Using spectrally-selective radiofrequency pulses to enhance lactate signal for diffusion-weighted MRS measurements in vivo

Measurement of lactate diffusion properties using diffusion-weighted magnetic resonance spectroscopy in vivo may allow elucidating brain lactate cellular compartmentation, which would be of great importance for neuroscience. However, measuring lactate signal is complicated by low signal-to-noise ratio due to low lactate concentration and J-modulation of its 1.3 ppm peak. In this work, we assess the benefits of using a diffusion-weighting spin echo block and spectrally selective refocusing pulses to suppress the effect of J-coupling on the 1.3 ppm lactate resonance, by not refocusing its coupling partner at 4.1 ppm.
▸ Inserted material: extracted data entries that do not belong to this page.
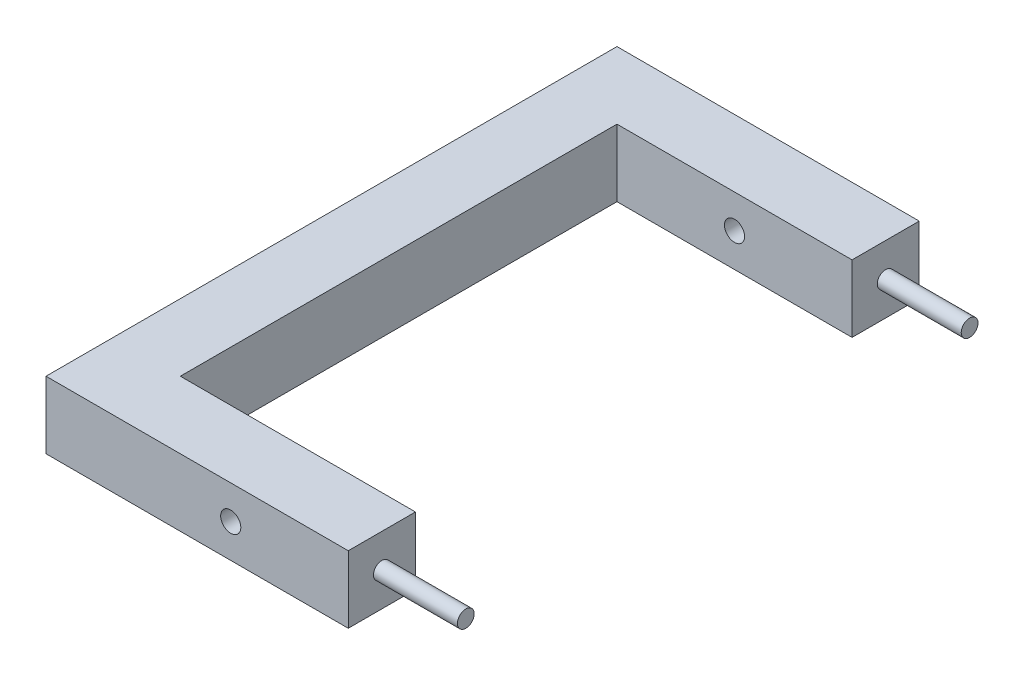
ISO-10303-21;
HEADER;
FILE_DESCRIPTION(('STEP AP214'),'2;1');
FILE_NAME('part.step','',(''),(''),'','','');
FILE_SCHEMA(('AUTOMOTIVE_DESIGN { 1 0 10303 214 1 1 1 1 }'));
ENDSEC;
DATA;
#1=APPLICATION_CONTEXT('core data for automotive mechanical design processes');
#2=APPLICATION_PROTOCOL_DEFINITION('international standard','automotive_design',2000,#1);
#3=PRODUCT_CONTEXT('',#1,'mechanical');
#4=PRODUCT('Part','Part','',(#3));
#5=PRODUCT_RELATED_PRODUCT_CATEGORY('part','',(#4));
#6=PRODUCT_DEFINITION_FORMATION('','',#4);
#7=PRODUCT_DEFINITION_CONTEXT('part definition',#1,'design');
#8=PRODUCT_DEFINITION('design','',#6,#7);
#9=PRODUCT_DEFINITION_SHAPE('','',#8);
#10=(LENGTH_UNIT() NAMED_UNIT(*) SI_UNIT(.MILLI.,.METRE.));
#11=(NAMED_UNIT(*) PLANE_ANGLE_UNIT() SI_UNIT($,.RADIAN.));
#12=(NAMED_UNIT(*) SI_UNIT($,.STERADIAN.) SOLID_ANGLE_UNIT());
#13=UNCERTAINTY_MEASURE_WITH_UNIT(LENGTH_MEASURE(1.E-05),#10,'distance_accuracy_value','');
#14=(GEOMETRIC_REPRESENTATION_CONTEXT(3) GLOBAL_UNCERTAINTY_ASSIGNED_CONTEXT((#13)) GLOBAL_UNIT_ASSIGNED_CONTEXT((#10,
#11,#12)) REPRESENTATION_CONTEXT('',''));
#15=CARTESIAN_POINT('',(0.,0.,0.));
#16=DIRECTION('',(0.,0.,1.));
#17=DIRECTION('',(1.,0.,0.));
#18=AXIS2_PLACEMENT_3D('',#15,#16,#17);
#19=CARTESIAN_POINT('',(0.,40.,-170.));
#20=DIRECTION('',(1.,0.,0.));
#21=DIRECTION('',(0.,0.,-1.));
#22=AXIS2_PLACEMENT_3D('',#19,#20,#21);
#23=PLANE('',#22);
#24=DIRECTION('',(0.,0.,1.));
#25=VECTOR('',#24,1.);
#26=CARTESIAN_POINT('',(0.,0.,-170.));
#27=LINE('',#26,#25);
#28=CARTESIAN_POINT('',(0.,0.,-170.));
#29=VERTEX_POINT('',#28);
#30=CARTESIAN_POINT('',(0.,0.,170.));
#31=VERTEX_POINT('',#30);
#32=EDGE_CURVE('E140',#29,#31,#27,.T.);
#33=ORIENTED_EDGE('',*,*,#32,.T.);
#34=DIRECTION('',(0.,-1.,0.));
#35=VECTOR('',#34,1.);
#36=CARTESIAN_POINT('',(0.,40.,170.));
#37=LINE('',#36,#35);
#38=CARTESIAN_POINT('',(0.,40.,170.));
#39=VERTEX_POINT('',#38);
#40=EDGE_CURVE('E168',#39,#31,#37,.T.);
#41=ORIENTED_EDGE('',*,*,#40,.F.);
#42=DIRECTION('',(0.,0.,1.));
#43=VECTOR('',#42,1.);
#44=CARTESIAN_POINT('',(0.,40.,-170.));
#45=LINE('',#44,#43);
#46=CARTESIAN_POINT('',(0.,40.,-170.));
#47=VERTEX_POINT('',#46);
#48=EDGE_CURVE('E155',#47,#39,#45,.T.);
#49=ORIENTED_EDGE('',*,*,#48,.F.);
#50=DIRECTION('',(0.,-1.,0.));
#51=VECTOR('',#50,1.);
#52=CARTESIAN_POINT('',(0.,40.,-170.));
#53=LINE('',#52,#51);
#54=EDGE_CURVE('E136',#47,#29,#53,.T.);
#55=ORIENTED_EDGE('',*,*,#54,.T.);
#56=EDGE_LOOP('',(#33,#41,#49,#55));
#57=FACE_BOUND('',#56,.T.);
#58=ADVANCED_FACE('F43',(#57),#23,.F.);
#59=CARTESIAN_POINT('',(0.,40.,170.));
#60=DIRECTION('',(0.,0.,-1.));
#61=DIRECTION('',(-1.,0.,0.));
#62=AXIS2_PLACEMENT_3D('',#59,#60,#61);
#63=PLANE('',#62);
#64=CARTESIAN_POINT('',(110.,20.,170.));
#65=DIRECTION('',(0.,0.,1.));
#66=DIRECTION('',(1.,0.,0.));
#67=AXIS2_PLACEMENT_3D('',#64,#65,#66);
#68=CIRCLE('',#67,6.00000000000002);
#69=CARTESIAN_POINT('',(116.,20.,170.));
#70=VERTEX_POINT('',#69);
#71=EDGE_CURVE('E173',#70,#70,#68,.T.);
#72=ORIENTED_EDGE('',*,*,#71,.F.);
#73=EDGE_LOOP('',(#72));
#74=FACE_BOUND('',#73,.T.);
#75=DIRECTION('',(1.,0.,0.));
#76=VECTOR('',#75,1.);
#77=CARTESIAN_POINT('',(0.,0.,170.));
#78=LINE('',#77,#76);
#79=CARTESIAN_POINT('',(180.,0.,170.));
#80=VERTEX_POINT('',#79);
#81=EDGE_CURVE('E143',#31,#80,#78,.T.);
#82=ORIENTED_EDGE('',*,*,#81,.T.);
#83=DIRECTION('',(0.,-1.,0.));
#84=VECTOR('',#83,1.);
#85=CARTESIAN_POINT('',(180.,40.,170.));
#86=LINE('',#85,#84);
#87=CARTESIAN_POINT('',(180.,40.,170.));
#88=VERTEX_POINT('',#87);
#89=EDGE_CURVE('E165',#88,#80,#86,.T.);
#90=ORIENTED_EDGE('',*,*,#89,.F.);
#91=DIRECTION('',(1.,0.,0.));
#92=VECTOR('',#91,1.);
#93=CARTESIAN_POINT('',(0.,40.,170.));
#94=LINE('',#93,#92);
#95=EDGE_CURVE('E103',#39,#88,#94,.T.);
#96=ORIENTED_EDGE('',*,*,#95,.F.);
#97=ORIENTED_EDGE('',*,*,#40,.T.);
#98=EDGE_LOOP('',(#82,#90,#96,#97));
#99=FACE_BOUND('',#98,.T.);
#100=ADVANCED_FACE('F194',(#74,#99),#63,.F.);
#101=CARTESIAN_POINT('',(180.,40.,170.));
#102=DIRECTION('',(-1.,0.,0.));
#103=DIRECTION('',(0.,0.,1.));
#104=AXIS2_PLACEMENT_3D('',#101,#102,#103);
#105=PLANE('',#104);
#106=CARTESIAN_POINT('',(180.,20.,150.));
#107=DIRECTION('',(-1.,0.,0.));
#108=DIRECTION('',(0.,0.,1.));
#109=AXIS2_PLACEMENT_3D('',#106,#107,#108);
#110=CIRCLE('',#109,4.99999999999999);
#111=CARTESIAN_POINT('',(180.,20.,155.));
#112=VERTEX_POINT('',#111);
#113=EDGE_CURVE('E11',#112,#112,#110,.F.);
#114=ORIENTED_EDGE('',*,*,#113,.F.);
#115=EDGE_LOOP('',(#114));
#116=FACE_BOUND('',#115,.T.);
#117=DIRECTION('',(0.,0.,-1.));
#118=VECTOR('',#117,1.);
#119=CARTESIAN_POINT('',(180.,0.,170.));
#120=LINE('',#119,#118);
#121=CARTESIAN_POINT('',(180.,0.,130.));
#122=VERTEX_POINT('',#121);
#123=EDGE_CURVE('E146',#80,#122,#120,.T.);
#124=ORIENTED_EDGE('',*,*,#123,.T.);
#125=DIRECTION('',(0.,-1.,0.));
#126=VECTOR('',#125,1.);
#127=CARTESIAN_POINT('',(180.,40.,130.));
#128=LINE('',#127,#126);
#129=CARTESIAN_POINT('',(180.,40.,130.));
#130=VERTEX_POINT('',#129);
#131=EDGE_CURVE('E162',#130,#122,#128,.T.);
#132=ORIENTED_EDGE('',*,*,#131,.F.);
#133=DIRECTION('',(0.,0.,-1.));
#134=VECTOR('',#133,1.);
#135=CARTESIAN_POINT('',(180.,40.,170.));
#136=LINE('',#135,#134);
#137=EDGE_CURVE('E212',#88,#130,#136,.T.);
#138=ORIENTED_EDGE('',*,*,#137,.F.);
#139=ORIENTED_EDGE('',*,*,#89,.T.);
#140=EDGE_LOOP('',(#124,#132,#138,#139));
#141=FACE_BOUND('',#140,.T.);
#142=ADVANCED_FACE('F200',(#116,#141),#105,.F.);
#143=CARTESIAN_POINT('',(180.,40.,130.));
#144=DIRECTION('',(0.,0.,1.));
#145=DIRECTION('',(1.,0.,0.));
#146=AXIS2_PLACEMENT_3D('',#143,#144,#145);
#147=PLANE('',#146);
#148=CARTESIAN_POINT('',(110.,20.,130.));
#149=DIRECTION('',(0.,0.,1.));
#150=DIRECTION('',(1.,0.,0.));
#151=AXIS2_PLACEMENT_3D('',#148,#149,#150);
#152=CIRCLE('',#151,6.00000000000002);
#153=CARTESIAN_POINT('',(116.,20.,130.));
#154=VERTEX_POINT('',#153);
#155=EDGE_CURVE('E144',#154,#154,#152,.T.);
#156=ORIENTED_EDGE('',*,*,#155,.T.);
#157=EDGE_LOOP('',(#156));
#158=FACE_BOUND('',#157,.T.);
#159=DIRECTION('',(-1.,0.,0.));
#160=VECTOR('',#159,1.);
#161=CARTESIAN_POINT('',(180.,0.,130.));
#162=LINE('',#161,#160);
#163=CARTESIAN_POINT('',(40.,0.,130.));
#164=VERTEX_POINT('',#163);
#165=EDGE_CURVE('E148',#122,#164,#162,.T.);
#166=ORIENTED_EDGE('',*,*,#165,.T.);
#167=DIRECTION('',(0.,-1.,0.));
#168=VECTOR('',#167,1.);
#169=CARTESIAN_POINT('',(40.,40.,130.));
#170=LINE('',#169,#168);
#171=CARTESIAN_POINT('',(40.,40.,130.));
#172=VERTEX_POINT('',#171);
#173=EDGE_CURVE('E159',#172,#164,#170,.T.);
#174=ORIENTED_EDGE('',*,*,#173,.F.);
#175=DIRECTION('',(-1.,0.,0.));
#176=VECTOR('',#175,1.);
#177=CARTESIAN_POINT('',(180.,40.,130.));
#178=LINE('',#177,#176);
#179=EDGE_CURVE('E214',#130,#172,#178,.T.);
#180=ORIENTED_EDGE('',*,*,#179,.F.);
#181=ORIENTED_EDGE('',*,*,#131,.T.);
#182=EDGE_LOOP('',(#166,#174,#180,#181));
#183=FACE_BOUND('',#182,.T.);
#184=ADVANCED_FACE('F242',(#158,#183),#147,.F.);
#185=CARTESIAN_POINT('',(40.,40.,-130.));
#186=DIRECTION('',(-1.,0.,0.));
#187=DIRECTION('',(0.,0.,1.));
#188=AXIS2_PLACEMENT_3D('',#185,#186,#187);
#189=PLANE('',#188);
#190=DIRECTION('',(0.,0.,-1.));
#191=VECTOR('',#190,1.);
#192=CARTESIAN_POINT('',(40.,0.,-130.));
#193=LINE('',#192,#191);
#194=CARTESIAN_POINT('',(40.,0.,-130.));
#195=VERTEX_POINT('',#194);
#196=EDGE_CURVE('E150',#164,#195,#193,.T.);
#197=ORIENTED_EDGE('',*,*,#196,.T.);
#198=DIRECTION('',(0.,-1.,0.));
#199=VECTOR('',#198,1.);
#200=CARTESIAN_POINT('',(40.,40.,-130.));
#201=LINE('',#200,#199);
#202=CARTESIAN_POINT('',(40.,40.,-130.));
#203=VERTEX_POINT('',#202);
#204=EDGE_CURVE('E131',#203,#195,#201,.T.);
#205=ORIENTED_EDGE('',*,*,#204,.F.);
#206=DIRECTION('',(0.,0.,-1.));
#207=VECTOR('',#206,1.);
#208=CARTESIAN_POINT('',(40.,40.,-130.));
#209=LINE('',#208,#207);
#210=EDGE_CURVE('E122',#172,#203,#209,.T.);
#211=ORIENTED_EDGE('',*,*,#210,.F.);
#212=ORIENTED_EDGE('',*,*,#173,.T.);
#213=EDGE_LOOP('',(#197,#205,#211,#212));
#214=FACE_BOUND('',#213,.T.);
#215=ADVANCED_FACE('F190',(#214),#189,.F.);
#216=CARTESIAN_POINT('',(180.,40.,-130.));
#217=DIRECTION('',(0.,0.,-1.));
#218=DIRECTION('',(-1.,0.,0.));
#219=AXIS2_PLACEMENT_3D('',#216,#217,#218);
#220=PLANE('',#219);
#221=CARTESIAN_POINT('',(110.,20.,-130.));
#222=DIRECTION('',(0.,0.,-1.));
#223=DIRECTION('',(-1.,0.,0.));
#224=AXIS2_PLACEMENT_3D('',#221,#222,#223);
#225=CIRCLE('',#224,6.00000000000002);
#226=CARTESIAN_POINT('',(104.,20.,-130.));
#227=VERTEX_POINT('',#226);
#228=EDGE_CURVE('E172',#227,#227,#225,.T.);
#229=ORIENTED_EDGE('',*,*,#228,.T.);
#230=EDGE_LOOP('',(#229));
#231=FACE_BOUND('',#230,.T.);
#232=DIRECTION('',(1.,0.,0.));
#233=VECTOR('',#232,1.);
#234=CARTESIAN_POINT('',(180.,0.,-130.));
#235=LINE('',#234,#233);
#236=CARTESIAN_POINT('',(180.,0.,-130.));
#237=VERTEX_POINT('',#236);
#238=EDGE_CURVE('E130',#195,#237,#235,.T.);
#239=ORIENTED_EDGE('',*,*,#238,.T.);
#240=DIRECTION('',(0.,-1.,0.));
#241=VECTOR('',#240,1.);
#242=CARTESIAN_POINT('',(180.,40.,-130.));
#243=LINE('',#242,#241);
#244=CARTESIAN_POINT('',(180.,40.,-130.));
#245=VERTEX_POINT('',#244);
#246=EDGE_CURVE('E127',#245,#237,#243,.T.);
#247=ORIENTED_EDGE('',*,*,#246,.F.);
#248=DIRECTION('',(1.,0.,0.));
#249=VECTOR('',#248,1.);
#250=CARTESIAN_POINT('',(180.,40.,-130.));
#251=LINE('',#250,#249);
#252=EDGE_CURVE('E116',#203,#245,#251,.T.);
#253=ORIENTED_EDGE('',*,*,#252,.F.);
#254=ORIENTED_EDGE('',*,*,#204,.T.);
#255=EDGE_LOOP('',(#239,#247,#253,#254));
#256=FACE_BOUND('',#255,.T.);
#257=ADVANCED_FACE('F128',(#231,#256),#220,.F.);
#258=CARTESIAN_POINT('',(180.,40.,-170.));
#259=DIRECTION('',(-1.,0.,0.));
#260=DIRECTION('',(0.,0.,1.));
#261=AXIS2_PLACEMENT_3D('',#258,#259,#260);
#262=PLANE('',#261);
#263=CARTESIAN_POINT('',(180.,20.,-150.));
#264=DIRECTION('',(-1.,0.,0.));
#265=DIRECTION('',(0.,0.,1.));
#266=AXIS2_PLACEMENT_3D('',#263,#264,#265);
#267=CIRCLE('',#266,4.99999999999999);
#268=CARTESIAN_POINT('',(180.,20.,-145.));
#269=VERTEX_POINT('',#268);
#270=EDGE_CURVE('E51',#269,#269,#267,.F.);
#271=ORIENTED_EDGE('',*,*,#270,.F.);
#272=EDGE_LOOP('',(#271));
#273=FACE_BOUND('',#272,.T.);
#274=DIRECTION('',(0.,0.,-1.));
#275=VECTOR('',#274,1.);
#276=CARTESIAN_POINT('',(180.,0.,-170.));
#277=LINE('',#276,#275);
#278=CARTESIAN_POINT('',(180.,0.,-170.));
#279=VERTEX_POINT('',#278);
#280=EDGE_CURVE('E88',#237,#279,#277,.T.);
#281=ORIENTED_EDGE('',*,*,#280,.T.);
#282=DIRECTION('',(0.,-1.,0.));
#283=VECTOR('',#282,1.);
#284=CARTESIAN_POINT('',(180.,40.,-170.));
#285=LINE('',#284,#283);
#286=CARTESIAN_POINT('',(180.,40.,-170.));
#287=VERTEX_POINT('',#286);
#288=EDGE_CURVE('E132',#287,#279,#285,.T.);
#289=ORIENTED_EDGE('',*,*,#288,.F.);
#290=DIRECTION('',(0.,0.,-1.));
#291=VECTOR('',#290,1.);
#292=CARTESIAN_POINT('',(180.,40.,-170.));
#293=LINE('',#292,#291);
#294=EDGE_CURVE('E120',#245,#287,#293,.T.);
#295=ORIENTED_EDGE('',*,*,#294,.F.);
#296=ORIENTED_EDGE('',*,*,#246,.T.);
#297=EDGE_LOOP('',(#281,#289,#295,#296));
#298=FACE_BOUND('',#297,.T.);
#299=ADVANCED_FACE('F134',(#273,#298),#262,.F.);
#300=CARTESIAN_POINT('',(0.,40.,-170.));
#301=DIRECTION('',(0.,0.,1.));
#302=DIRECTION('',(1.,0.,0.));
#303=AXIS2_PLACEMENT_3D('',#300,#301,#302);
#304=PLANE('',#303);
#305=CARTESIAN_POINT('',(110.,20.,-170.));
#306=DIRECTION('',(0.,0.,1.));
#307=DIRECTION('',(1.,0.,0.));
#308=AXIS2_PLACEMENT_3D('',#305,#306,#307);
#309=CIRCLE('',#308,6.00000000000002);
#310=CARTESIAN_POINT('',(116.,20.,-170.));
#311=VERTEX_POINT('',#310);
#312=EDGE_CURVE('E170',#311,#311,#309,.T.);
#313=ORIENTED_EDGE('',*,*,#312,.T.);
#314=EDGE_LOOP('',(#313));
#315=FACE_BOUND('',#314,.T.);
#316=DIRECTION('',(-1.,0.,0.));
#317=VECTOR('',#316,1.);
#318=CARTESIAN_POINT('',(0.,0.,-170.));
#319=LINE('',#318,#317);
#320=EDGE_CURVE('E94',#279,#29,#319,.T.);
#321=ORIENTED_EDGE('',*,*,#320,.T.);
#322=ORIENTED_EDGE('',*,*,#54,.F.);
#323=DIRECTION('',(-1.,0.,0.));
#324=VECTOR('',#323,1.);
#325=CARTESIAN_POINT('',(0.,40.,-170.));
#326=LINE('',#325,#324);
#327=EDGE_CURVE('E59',#287,#47,#326,.T.);
#328=ORIENTED_EDGE('',*,*,#327,.F.);
#329=ORIENTED_EDGE('',*,*,#288,.T.);
#330=EDGE_LOOP('',(#321,#322,#328,#329));
#331=FACE_BOUND('',#330,.T.);
#332=ADVANCED_FACE('F180',(#315,#331),#304,.F.);
#333=CARTESIAN_POINT('',(0.,40.,0.));
#334=DIRECTION('',(0.,1.,0.));
#335=DIRECTION('',(0.,0.,1.));
#336=AXIS2_PLACEMENT_3D('',#333,#334,#335);
#337=PLANE('',#336);
#338=ORIENTED_EDGE('',*,*,#48,.T.);
#339=ORIENTED_EDGE('',*,*,#95,.T.);
#340=ORIENTED_EDGE('',*,*,#137,.T.);
#341=ORIENTED_EDGE('',*,*,#179,.T.);
#342=ORIENTED_EDGE('',*,*,#210,.T.);
#343=ORIENTED_EDGE('',*,*,#252,.T.);
#344=ORIENTED_EDGE('',*,*,#294,.T.);
#345=ORIENTED_EDGE('',*,*,#327,.T.);
#346=EDGE_LOOP('',(#338,#339,#340,#341,#342,#343,#344,#345));
#347=FACE_BOUND('',#346,.T.);
#348=ADVANCED_FACE('F118',(#347),#337,.T.);
#349=CARTESIAN_POINT('',(0.,0.,0.));
#350=DIRECTION('',(0.,1.,0.));
#351=DIRECTION('',(0.,0.,1.));
#352=AXIS2_PLACEMENT_3D('',#349,#350,#351);
#353=PLANE('',#352);
#354=ORIENTED_EDGE('',*,*,#32,.F.);
#355=ORIENTED_EDGE('',*,*,#320,.F.);
#356=ORIENTED_EDGE('',*,*,#280,.F.);
#357=ORIENTED_EDGE('',*,*,#238,.F.);
#358=ORIENTED_EDGE('',*,*,#196,.F.);
#359=ORIENTED_EDGE('',*,*,#165,.F.);
#360=ORIENTED_EDGE('',*,*,#123,.F.);
#361=ORIENTED_EDGE('',*,*,#81,.F.);
#362=EDGE_LOOP('',(#354,#355,#356,#357,#358,#359,#360,#361));
#363=FACE_BOUND('',#362,.T.);
#364=ADVANCED_FACE('F206',(#363),#353,.F.);
#365=CARTESIAN_POINT('',(110.,20.,-225.));
#366=DIRECTION('',(0.,0.,1.));
#367=DIRECTION('',(1.,0.,0.));
#368=AXIS2_PLACEMENT_3D('',#365,#366,#367);
#369=CYLINDRICAL_SURFACE('',#368,6.00000000000002);
#370=ORIENTED_EDGE('',*,*,#312,.F.);
#371=EDGE_LOOP('',(#370));
#372=FACE_BOUND('',#371,.T.);
#373=ORIENTED_EDGE('',*,*,#228,.F.);
#374=EDGE_LOOP('',(#373));
#375=FACE_BOUND('',#374,.T.);
#376=ADVANCED_FACE('F273',(#372,#375),#369,.F.);
#377=ORIENTED_EDGE('',*,*,#71,.T.);
#378=EDGE_LOOP('',(#377));
#379=FACE_BOUND('',#378,.T.);
#380=ORIENTED_EDGE('',*,*,#155,.F.);
#381=EDGE_LOOP('',(#380));
#382=FACE_BOUND('',#381,.T.);
#383=ADVANCED_FACE('F298',(#379,#382),#369,.F.);
#384=CARTESIAN_POINT('',(230.,20.,-150.));
#385=DIRECTION('',(-1.,0.,0.));
#386=DIRECTION('',(0.,0.,1.));
#387=AXIS2_PLACEMENT_3D('',#384,#385,#386);
#388=CYLINDRICAL_SURFACE('',#387,4.99999999999999);
#389=CARTESIAN_POINT('',(230.,20.,-150.));
#390=DIRECTION('',(1.,0.,0.));
#391=DIRECTION('',(0.,0.,1.));
#392=AXIS2_PLACEMENT_3D('',#389,#390,#391);
#393=CIRCLE('',#392,4.99999999999999);
#394=CARTESIAN_POINT('',(230.,20.,-145.));
#395=VERTEX_POINT('',#394);
#396=EDGE_CURVE('E227',#395,#395,#393,.T.);
#397=ORIENTED_EDGE('',*,*,#396,.F.);
#398=EDGE_LOOP('',(#397));
#399=FACE_BOUND('',#398,.T.);
#400=ORIENTED_EDGE('',*,*,#270,.T.);
#401=EDGE_LOOP('',(#400));
#402=FACE_BOUND('',#401,.T.);
#403=ADVANCED_FACE('F177',(#399,#402),#388,.T.);
#404=CARTESIAN_POINT('',(230.,20.,-150.));
#405=DIRECTION('',(-1.,0.,0.));
#406=DIRECTION('',(0.,0.,1.));
#407=AXIS2_PLACEMENT_3D('',#404,#405,#406);
#408=PLANE('',#407);
#409=ORIENTED_EDGE('',*,*,#396,.T.);
#410=EDGE_LOOP('',(#409));
#411=FACE_BOUND('',#410,.T.);
#412=ADVANCED_FACE('F238',(#411),#408,.F.);
#413=CARTESIAN_POINT('',(230.,20.,150.));
#414=DIRECTION('',(-1.,0.,0.));
#415=DIRECTION('',(0.,0.,1.));
#416=AXIS2_PLACEMENT_3D('',#413,#414,#415);
#417=CYLINDRICAL_SURFACE('',#416,4.99999999999999);
#418=CARTESIAN_POINT('',(230.,20.,150.));
#419=DIRECTION('',(1.,0.,0.));
#420=DIRECTION('',(0.,0.,-1.));
#421=AXIS2_PLACEMENT_3D('',#418,#419,#420);
#422=CIRCLE('',#421,4.99999999999999);
#423=CARTESIAN_POINT('',(230.,20.,145.));
#424=VERTEX_POINT('',#423);
#425=EDGE_CURVE('E226',#424,#424,#422,.T.);
#426=ORIENTED_EDGE('',*,*,#425,.F.);
#427=EDGE_LOOP('',(#426));
#428=FACE_BOUND('',#427,.T.);
#429=ORIENTED_EDGE('',*,*,#113,.T.);
#430=EDGE_LOOP('',(#429));
#431=FACE_BOUND('',#430,.T.);
#432=ADVANCED_FACE('F235',(#428,#431),#417,.T.);
#433=CARTESIAN_POINT('',(230.,20.,150.));
#434=DIRECTION('',(1.,0.,0.));
#435=DIRECTION('',(0.,0.,-1.));
#436=AXIS2_PLACEMENT_3D('',#433,#434,#435);
#437=PLANE('',#436);
#438=ORIENTED_EDGE('',*,*,#425,.T.);
#439=EDGE_LOOP('',(#438));
#440=FACE_BOUND('',#439,.T.);
#441=ADVANCED_FACE('F233',(#440),#437,.T.);
#442=CLOSED_SHELL('',(#58,#100,#142,#184,#215,#257,#299,#332,#348,#364,#376,#383,#403,#412,#432,#441));
#443=MANIFOLD_SOLID_BREP('B2',#442);
#444=ADVANCED_BREP_SHAPE_REPRESENTATION('',(#18,#443),#14);
#445=SHAPE_DEFINITION_REPRESENTATION(#9,#444);
ENDSEC;
END-ISO-10303-21;

Two different kinds of spectrally selective pulses, either polychromatic or single-band, are evaluated in the mouse brain at 11.7 T. Almost complete suppression of J-modulation is shown, resulting in an approximately two-fold signal increase as compared to a reference STE-LASER sequence (for the specific diffusion times used in this work). Repeated measurements confirm that lactate diffusion-weighted signal attenuation is measured with an approximately twofold precision. (C) 2021 The Authors. Published by Elsevier Inc. This is an open access article under the CC BY license (http://creativecommons.org/licenses/by/4.0/).

Automated summary

The use of diffusion-weighted spin echo block and spectrally selective refocusing pulses can effectively suppress J-coupling effects, leading to approximately two-fold increase in lactate signal. Repeated measurements confirm that lactate diffusion-weighted signal attenuation is measured with an approximately twofold precision.